Most revision rounds don’t spiral because the client is picky. They spiral because the feedback lost context on the way to you. Here’s why that happens, what agencies try, and how to make each note clear enough to fix the first time.

Why a round actually spirals

A revision round is supposed to be one loop: client looks at the site, says what’s off, you fix it, they look again. The trouble is that most of the feedback you get can’t be acted on as-is.

“The hero feels cramped on mobile.” Which phone. Which section. Cramped how. You’re looking at the desktop build, they’re looking at their phone, and neither of you is looking at the same thing. So you guess, you change something, you redeploy, you wait. They reply “no, the other one.” That’s a second round, and you still don’t know what they meant.

Stack three or four of those and a one-day fix becomes a two-week thread. The client thinks you’re slow. You think they’re vague. Both of you are just paying for context that fell out of the message.

The fix isn’t fewer revisions. It’s making each note unambiguous the first time, so a round is one loop instead of three.

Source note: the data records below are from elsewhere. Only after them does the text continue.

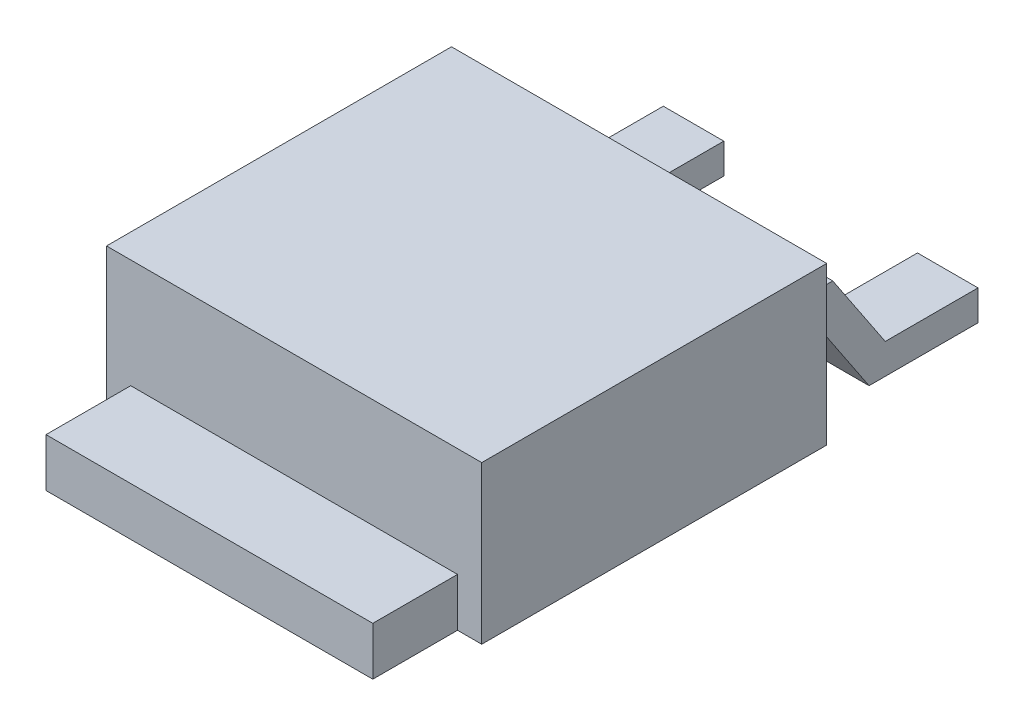
ISO-10303-21;
HEADER;
FILE_DESCRIPTION(('STEP AP214'),'2;1');
FILE_NAME('part.step','',(''),(''),'','','');
FILE_SCHEMA(('AUTOMOTIVE_DESIGN { 1 0 10303 214 1 1 1 1 }'));
ENDSEC;
DATA;
#1=APPLICATION_CONTEXT('core data for automotive mechanical design processes');
#2=APPLICATION_PROTOCOL_DEFINITION('international standard','automotive_design',2000,#1);
#3=PRODUCT_CONTEXT('',#1,'mechanical');
#4=PRODUCT('Part','Part','',(#3));
#5=PRODUCT_RELATED_PRODUCT_CATEGORY('part','',(#4));
#6=PRODUCT_DEFINITION_FORMATION('','',#4);
#7=PRODUCT_DEFINITION_CONTEXT('part definition',#1,'design');
#8=PRODUCT_DEFINITION('design','',#6,#7);
#9=PRODUCT_DEFINITION_SHAPE('','',#8);
#10=(LENGTH_UNIT() NAMED_UNIT(*) SI_UNIT(.MILLI.,.METRE.));
#11=(NAMED_UNIT(*) PLANE_ANGLE_UNIT() SI_UNIT($,.RADIAN.));
#12=(NAMED_UNIT(*) SI_UNIT($,.STERADIAN.) SOLID_ANGLE_UNIT());
#13=UNCERTAINTY_MEASURE_WITH_UNIT(LENGTH_MEASURE(1.E-05),#10,'distance_accuracy_value','');
#14=(GEOMETRIC_REPRESENTATION_CONTEXT(3) GLOBAL_UNCERTAINTY_ASSIGNED_CONTEXT((#13)) GLOBAL_UNIT_ASSIGNED_CONTEXT((#10,
#11,#12)) REPRESENTATION_CONTEXT('',''));
#15=CARTESIAN_POINT('',(0.,0.,0.));
#16=DIRECTION('',(0.,0.,1.));
#17=DIRECTION('',(1.,0.,0.));
#18=AXIS2_PLACEMENT_3D('',#15,#16,#17);
#19=CARTESIAN_POINT('',(6.2,0.,-5.7));
#20=DIRECTION('',(0.,0.,1.));
#21=DIRECTION('',(0.,-1.,0.));
#22=AXIS2_PLACEMENT_3D('',#19,#20,#21);
#23=PLANE('',#22);
#24=DIRECTION('',(0.,1.,0.));
#25=VECTOR('',#24,1.);
#26=CARTESIAN_POINT('',(1.5,1.3,-5.7));
#27=LINE('',#26,#25);
#28=CARTESIAN_POINT('',(1.5,1.3,-5.7));
#29=VERTEX_POINT('',#28);
#30=CARTESIAN_POINT('',(1.5,1.8,-5.7));
#31=VERTEX_POINT('',#30);
#32=EDGE_CURVE('E274',#29,#31,#27,.T.);
#33=ORIENTED_EDGE('',*,*,#32,.T.);
#34=DIRECTION('',(-1.,0.,0.));
#35=VECTOR('',#34,1.);
#36=CARTESIAN_POINT('',(1.5,1.8,-5.7));
#37=LINE('',#36,#35);
#38=CARTESIAN_POINT('',(0.5,1.8,-5.7));
#39=VERTEX_POINT('',#38);
#40=EDGE_CURVE('E298',#31,#39,#37,.T.);
#41=ORIENTED_EDGE('',*,*,#40,.T.);
#42=DIRECTION('',(0.,1.,0.));
#43=VECTOR('',#42,1.);
#44=CARTESIAN_POINT('',(0.5,1.3,-5.7));
#45=LINE('',#44,#43);
#46=CARTESIAN_POINT('',(0.5,1.3,-5.7));
#47=VERTEX_POINT('',#46);
#48=EDGE_CURVE('E262',#47,#39,#45,.T.);
#49=ORIENTED_EDGE('',*,*,#48,.F.);
#50=DIRECTION('',(-1.,0.,0.));
#51=VECTOR('',#50,1.);
#52=CARTESIAN_POINT('',(1.5,1.3,-5.7));
#53=LINE('',#52,#51);
#54=EDGE_CURVE('E318',#29,#47,#53,.T.);
#55=ORIENTED_EDGE('',*,*,#54,.F.);
#56=EDGE_LOOP('',(#33,#41,#49,#55));
#57=FACE_BOUND('',#56,.T.);
#58=DIRECTION('',(0.,1.,0.));
#59=VECTOR('',#58,1.);
#60=CARTESIAN_POINT('',(0.,0.,-5.7));
#61=LINE('',#60,#59);
#62=CARTESIAN_POINT('',(0.,0.,-5.7));
#63=VERTEX_POINT('',#62);
#64=CARTESIAN_POINT('',(0.,2.6,-5.7));
#65=VERTEX_POINT('',#64);
#66=EDGE_CURVE('E372',#63,#65,#61,.T.);
#67=ORIENTED_EDGE('',*,*,#66,.T.);
#68=DIRECTION('',(-1.,0.,0.));
#69=VECTOR('',#68,1.);
#70=CARTESIAN_POINT('',(6.2,2.6,-5.7));
#71=LINE('',#70,#69);
#72=CARTESIAN_POINT('',(6.2,2.6,-5.7));
#73=VERTEX_POINT('',#72);
#74=EDGE_CURVE('E377',#73,#65,#71,.T.);
#75=ORIENTED_EDGE('',*,*,#74,.F.);
#76=DIRECTION('',(0.,1.,0.));
#77=VECTOR('',#76,1.);
#78=CARTESIAN_POINT('',(6.2,0.,-5.7));
#79=LINE('',#78,#77);
#80=CARTESIAN_POINT('',(6.2,0.,-5.7));
#81=VERTEX_POINT('',#80);
#82=EDGE_CURVE('E361',#81,#73,#79,.T.);
#83=ORIENTED_EDGE('',*,*,#82,.F.);
#84=DIRECTION('',(-1.,0.,0.));
#85=VECTOR('',#84,1.);
#86=CARTESIAN_POINT('',(6.2,0.,-5.7));
#87=LINE('',#86,#85);
#88=EDGE_CURVE('E380',#81,#63,#87,.T.);
#89=ORIENTED_EDGE('',*,*,#88,.T.);
#90=EDGE_LOOP('',(#67,#75,#83,#89));
#91=FACE_BOUND('',#90,.T.);
#92=DIRECTION('',(0.,1.,0.));
#93=VECTOR('',#92,1.);
#94=CARTESIAN_POINT('',(5.7,1.3,-5.7));
#95=LINE('',#94,#93);
#96=CARTESIAN_POINT('',(5.7,1.3,-5.7));
#97=VERTEX_POINT('',#96);
#98=CARTESIAN_POINT('',(5.7,1.8,-5.7));
#99=VERTEX_POINT('',#98);
#100=EDGE_CURVE('E219',#97,#99,#95,.T.);
#101=ORIENTED_EDGE('',*,*,#100,.T.);
#102=DIRECTION('',(-1.,0.,0.));
#103=VECTOR('',#102,1.);
#104=CARTESIAN_POINT('',(5.7,1.8,-5.7));
#105=LINE('',#104,#103);
#106=CARTESIAN_POINT('',(4.7,1.8,-5.7));
#107=VERTEX_POINT('',#106);
#108=EDGE_CURVE('E203',#99,#107,#105,.T.);
#109=ORIENTED_EDGE('',*,*,#108,.T.);
#110=DIRECTION('',(0.,1.,0.));
#111=VECTOR('',#110,1.);
#112=CARTESIAN_POINT('',(4.7,1.3,-5.7));
#113=LINE('',#112,#111);
#114=CARTESIAN_POINT('',(4.7,1.3,-5.7));
#115=VERTEX_POINT('',#114);
#116=EDGE_CURVE('E245',#115,#107,#113,.T.);
#117=ORIENTED_EDGE('',*,*,#116,.F.);
#118=DIRECTION('',(-1.,0.,0.));
#119=VECTOR('',#118,1.);
#120=CARTESIAN_POINT('',(5.7,1.3,-5.7));
#121=LINE('',#120,#119);
#122=EDGE_CURVE('E226',#97,#115,#121,.T.);
#123=ORIENTED_EDGE('',*,*,#122,.F.);
#124=EDGE_LOOP('',(#101,#109,#117,#123));
#125=FACE_BOUND('',#124,.T.);
#126=ADVANCED_FACE('F35',(#57,#91,#125),#23,.F.);
#127=CARTESIAN_POINT('',(6.2,0.,0.));
#128=DIRECTION('',(0.,0.,-1.));
#129=DIRECTION('',(0.,1.,0.));
#130=AXIS2_PLACEMENT_3D('',#127,#128,#129);
#131=PLANE('',#130);
#132=DIRECTION('',(0.,-1.,0.));
#133=VECTOR('',#132,1.);
#134=CARTESIAN_POINT('',(0.4,0.,0.));
#135=LINE('',#134,#133);
#136=CARTESIAN_POINT('',(0.4,0.8,0.));
#137=VERTEX_POINT('',#136);
#138=CARTESIAN_POINT('',(0.400000000000004,0.,0.));
#139=VERTEX_POINT('',#138);
#140=EDGE_CURVE('E39',#137,#139,#135,.T.);
#141=ORIENTED_EDGE('',*,*,#140,.F.);
#142=DIRECTION('',(-1.,0.,0.));
#143=VECTOR('',#142,1.);
#144=CARTESIAN_POINT('',(0.4,0.8,0.));
#145=LINE('',#144,#143);
#146=CARTESIAN_POINT('',(5.8,0.8,0.));
#147=VERTEX_POINT('',#146);
#148=EDGE_CURVE('E338',#147,#137,#145,.T.);
#149=ORIENTED_EDGE('',*,*,#148,.F.);
#150=DIRECTION('',(0.,1.,0.));
#151=VECTOR('',#150,1.);
#152=CARTESIAN_POINT('',(5.8,0.,0.));
#153=LINE('',#152,#151);
#154=CARTESIAN_POINT('',(5.8,0.,0.));
#155=VERTEX_POINT('',#154);
#156=EDGE_CURVE('E348',#155,#147,#153,.T.);
#157=ORIENTED_EDGE('',*,*,#156,.F.);
#158=DIRECTION('',(-1.,0.,0.));
#159=VECTOR('',#158,1.);
#160=CARTESIAN_POINT('',(6.2,0.,0.));
#161=LINE('',#160,#159);
#162=CARTESIAN_POINT('',(6.2,0.,0.));
#163=VERTEX_POINT('',#162);
#164=EDGE_CURVE('E11',#163,#155,#161,.T.);
#165=ORIENTED_EDGE('',*,*,#164,.F.);
#166=DIRECTION('',(0.,-1.,0.));
#167=VECTOR('',#166,1.);
#168=CARTESIAN_POINT('',(6.2,0.,0.));
#169=LINE('',#168,#167);
#170=CARTESIAN_POINT('',(6.2,2.6,0.));
#171=VERTEX_POINT('',#170);
#172=EDGE_CURVE('E355',#171,#163,#169,.T.);
#173=ORIENTED_EDGE('',*,*,#172,.F.);
#174=DIRECTION('',(-1.,0.,0.));
#175=VECTOR('',#174,1.);
#176=CARTESIAN_POINT('',(6.2,2.6,0.));
#177=LINE('',#176,#175);
#178=CARTESIAN_POINT('',(0.,2.6,0.));
#179=VERTEX_POINT('',#178);
#180=EDGE_CURVE('E365',#171,#179,#177,.T.);
#181=ORIENTED_EDGE('',*,*,#180,.T.);
#182=DIRECTION('',(0.,-1.,0.));
#183=VECTOR('',#182,1.);
#184=CARTESIAN_POINT('',(0.,0.,0.));
#185=LINE('',#184,#183);
#186=CARTESIAN_POINT('',(0.,0.,0.));
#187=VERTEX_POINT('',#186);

What a clear piece of feedback needs to carry

Every note that ends a round fast has the same things attached. Every note that drags one out is missing one of them:

The exact element. Not “the button near the top”, the actual thing they clicked on.
The page and the screen size. A note about the live URL at 390px wide is a different note than the same words at desktop.
The thread in one place. So the back-and-forth stays on the spot being discussed, not forked across email, Slack, and a Friday call.
Enough for you to just do it. If you build with an AI agent, that means the note should be something the agent can pick up, not a paragraph you have to translate first.

None of that is exotic. It’s just the stuff that email and screenshots quietly drop.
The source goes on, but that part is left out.